An example of consistent hashing

Let’s put the above explanation into action with a working example:

Suppose that we have a cluster containing two nodes A and B.

Let’s randomly generate a ‘placement hash’ for each of these nodes: (assuming 32-bit hashes), so we get

A: 0x5e6058e5
B: 0xa2d65c0

This places the nodes on an imaginary ring where the numbers 0x0, 0x1, 0x2… are placed consecutively up to 0xffffffff, then returns through the circle to be followed by 0x0.

Since node A has the hash 0x5e6058e5, it is responsible for any request that hashes into the range 0xa2d65c0+1 up to 0xffffffff and from 0x0 up to 0x5e6058e5, as shown below:

Diagram shows an example of consistent hashing — An example of consistent hashing

B on the other hand is responsible for the range0x5e6058e5+1up to 0xa2d65c0. Thus, the entire hash space is distributed.
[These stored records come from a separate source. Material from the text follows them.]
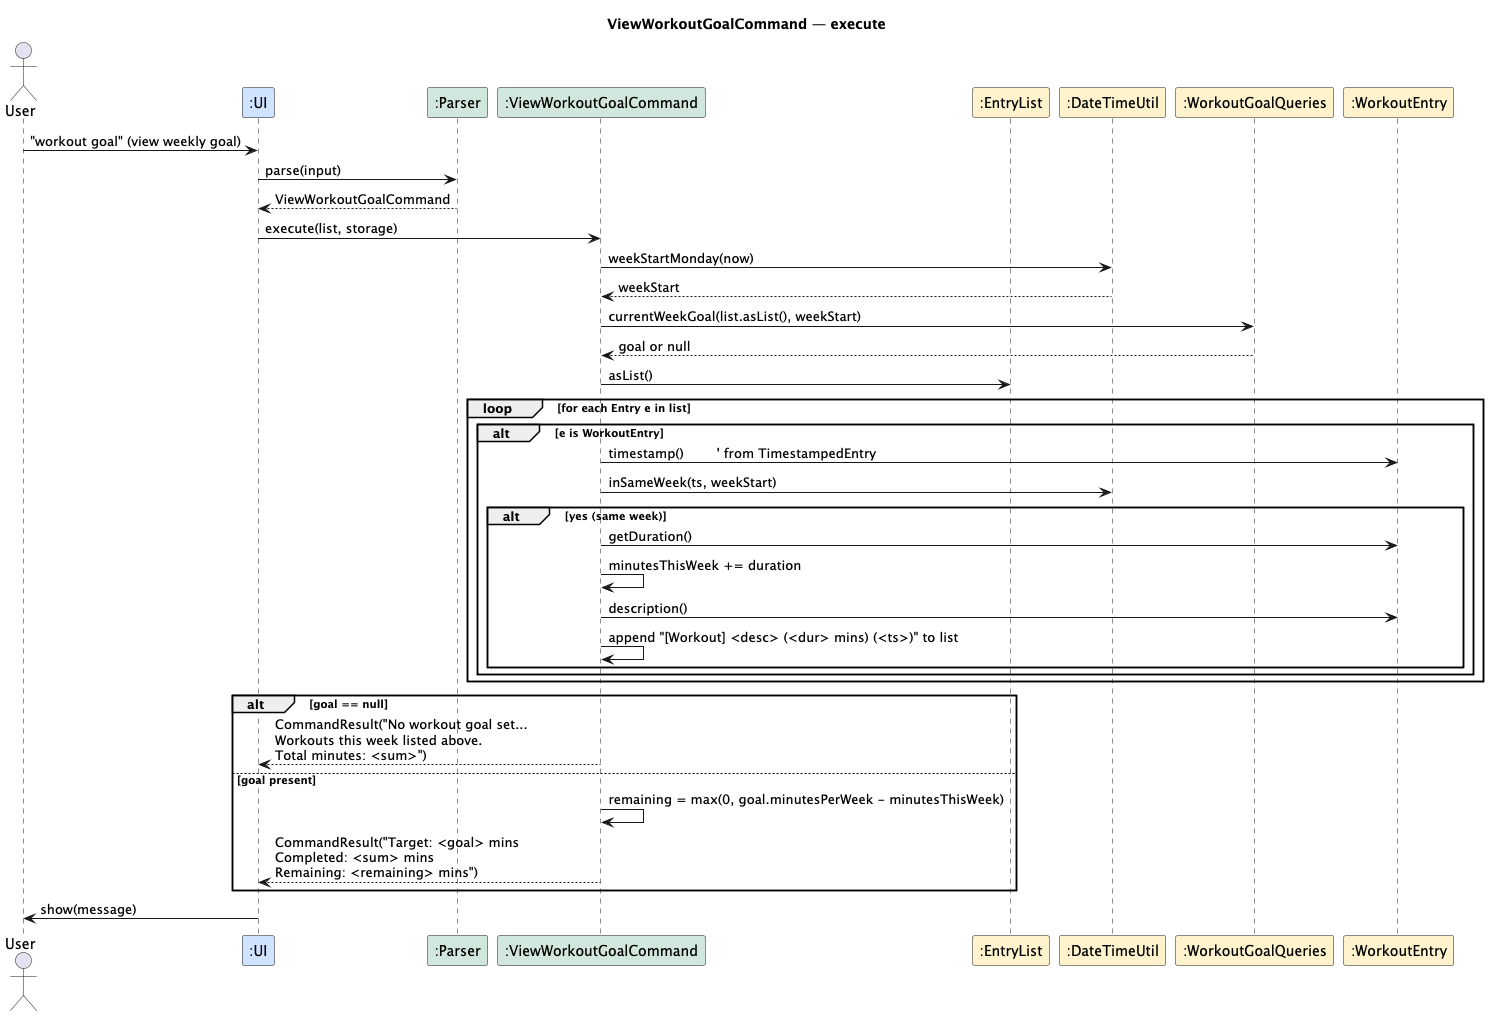

The diagram above was rendered by PlantUML. Its source (embedded in the PNG):
@startuml
title ViewWorkoutGoalCommand — execute

actor User
participant ":UI" as UI #CFE2FF
participant ":Parser" as Parser #D1E7DD
participant ":ViewWorkoutGoalCommand" as ViewCmd #D1E7DD
participant ":EntryList" as EntryList #FFF3CD
participant ":DateTimeUtil" as DateTimeUtil #FFF3CD
participant ":WorkoutGoalQueries" as WorkoutGoalQueries #FFF3CD
participant ":WorkoutEntry" as W #FFF3CD


User -> UI: "workout goal" (view weekly goal)
UI -> Parser: parse(input)
Parser --> UI: ViewWorkoutGoalCommand

UI -> ViewCmd: execute(list, storage)

ViewCmd -> DateTimeUtil: weekStartMonday(now)
DateTimeUtil --> ViewCmd: weekStart

ViewCmd -> WorkoutGoalQueries: currentWeekGoal(list.asList(), weekStart)
WorkoutGoalQueries --> ViewCmd: goal or null

ViewCmd -> EntryList: asList()
loop for each Entry e in list
  alt e is WorkoutEntry
    ViewCmd -> W: timestamp()        ' from TimestampedEntry
    ViewCmd -> DateTimeUtil: inSameWeek(ts, weekStart)
    alt yes (same week)
      ViewCmd -> W: getDuration()
      ViewCmd -> ViewCmd: minutesThisWeek += duration
      ViewCmd -> W: description()
      ViewCmd -> ViewCmd: append "[Workout] <desc> (<dur> mins) (<ts>)" to list
    end
  end
end

alt goal == null
  ViewCmd --> UI: CommandResult("No workout goal set...\nWorkouts this week listed above.\nTotal minutes: <sum>")
else goal present
  ViewCmd -> ViewCmd: remaining = max(0, goal.minutesPerWeek - minutesThisWeek)
  ViewCmd --> UI: CommandResult("Target: <goal> mins\nCompleted: <sum> mins\nRemaining: <remaining> mins")
end

UI -> User: show(message)
@enduml

This mapping from nodes to their hashes needs to be shared with the whole cluster so that the result of ring calculation is always the same. Thus, any node that requires a particular request can determine where it lives

Say we want to find (or create) a request that has the identifier ‘[email protected]’.

We compute a hash H of the identifier, say 0x89e04a0a
We look at the ring and find the first node with a hash that is greater than H. Here that happens to be B.

Therefore B is the node responsible for that request. If we need the request again, we will repeat the above steps and land again on the same node, which has the state we need.

This example is a bit oversimplified. In reality, having a single hash for each node is likely to distribute the load quite unfairly. As you may have noticed, in this example, B is responsible for (0xa2d656c0-0x5e6058e5)/232 = 26.7% of the ring, while A is responsible for the rest. Ideally, each node would be responsible for an equal portion of the ring.

Consistent hashing optimization

One way to improve the approach is to generate multiple random hashes for each node, as below:

In reality, we find the results of this are still unsatisfactory, so we divide the ring into 64 equally sized segments and ensure a hash for each node is placed somewhere in each segment. The aim is just to ensure each node is responsible for an equal portion of the ring, so that load is evenly distributed. (Another advantage of having multiple hashes for each node is that the hashes can be added to or removed from the ring gradually to avoid sudden spikes of load. )

Suppose that now we add a new node to the ring called C. We generate a random hash for C.

A: 0x5e6058e5
B: 0xa2d65c0
C: 0xe12f751c

Now, the ring space between 0xa2d65c0 + 1 and 0xe12f751c (which used to hash to A) are now delegated to C. All the other requests will continue to hash to the same node as before. To handle this shift of power, all the requests in that range that already exist on A will need to move all their state over to C.

Diagram illustrates adding an extra node — Adding an extra node

You now understand why hashing is needed in distributed systems to distribute load evenly. Consistent hashing is required to minimize the amount of work needed in the cluster whenever there is a ring change.

Additionally, nodes need to exist at multiple locations on the ring to ensure statistically the load is more likely to be distributed more evenly. Iterating an entire hash ring for each ring change is inefficient. As your distributed system scales, having a more efficient way to determine what’s changed is necessary to minimize the performance impact of ring changes as much as possible. New index and data types are needed to solve this.

Consistent hashing FAQs

Where is consistent hashing used?

Here at Ably, we use consistent hashing within our distributed pub/sub messaging system to balance channels across all the available resources as uniformly as possible. Consistent hashing is also used for partitioning in Amazon's Dynamo storage system, by the Riak key-value database, and as part of the Akamai Content Delivery Network.

Why is it called “consistent”?

It is named as such because when a server is added or removed, it there is no need for the entire hash table to recalculated

What are pros and cons of various consistent hashing algorithms?

Of the various consistent hashing algorithms in common use, there are none that are perfect because of a need to balance factors such as distribution, memory usage and the time needed to do lookup, or to add/remove nodes.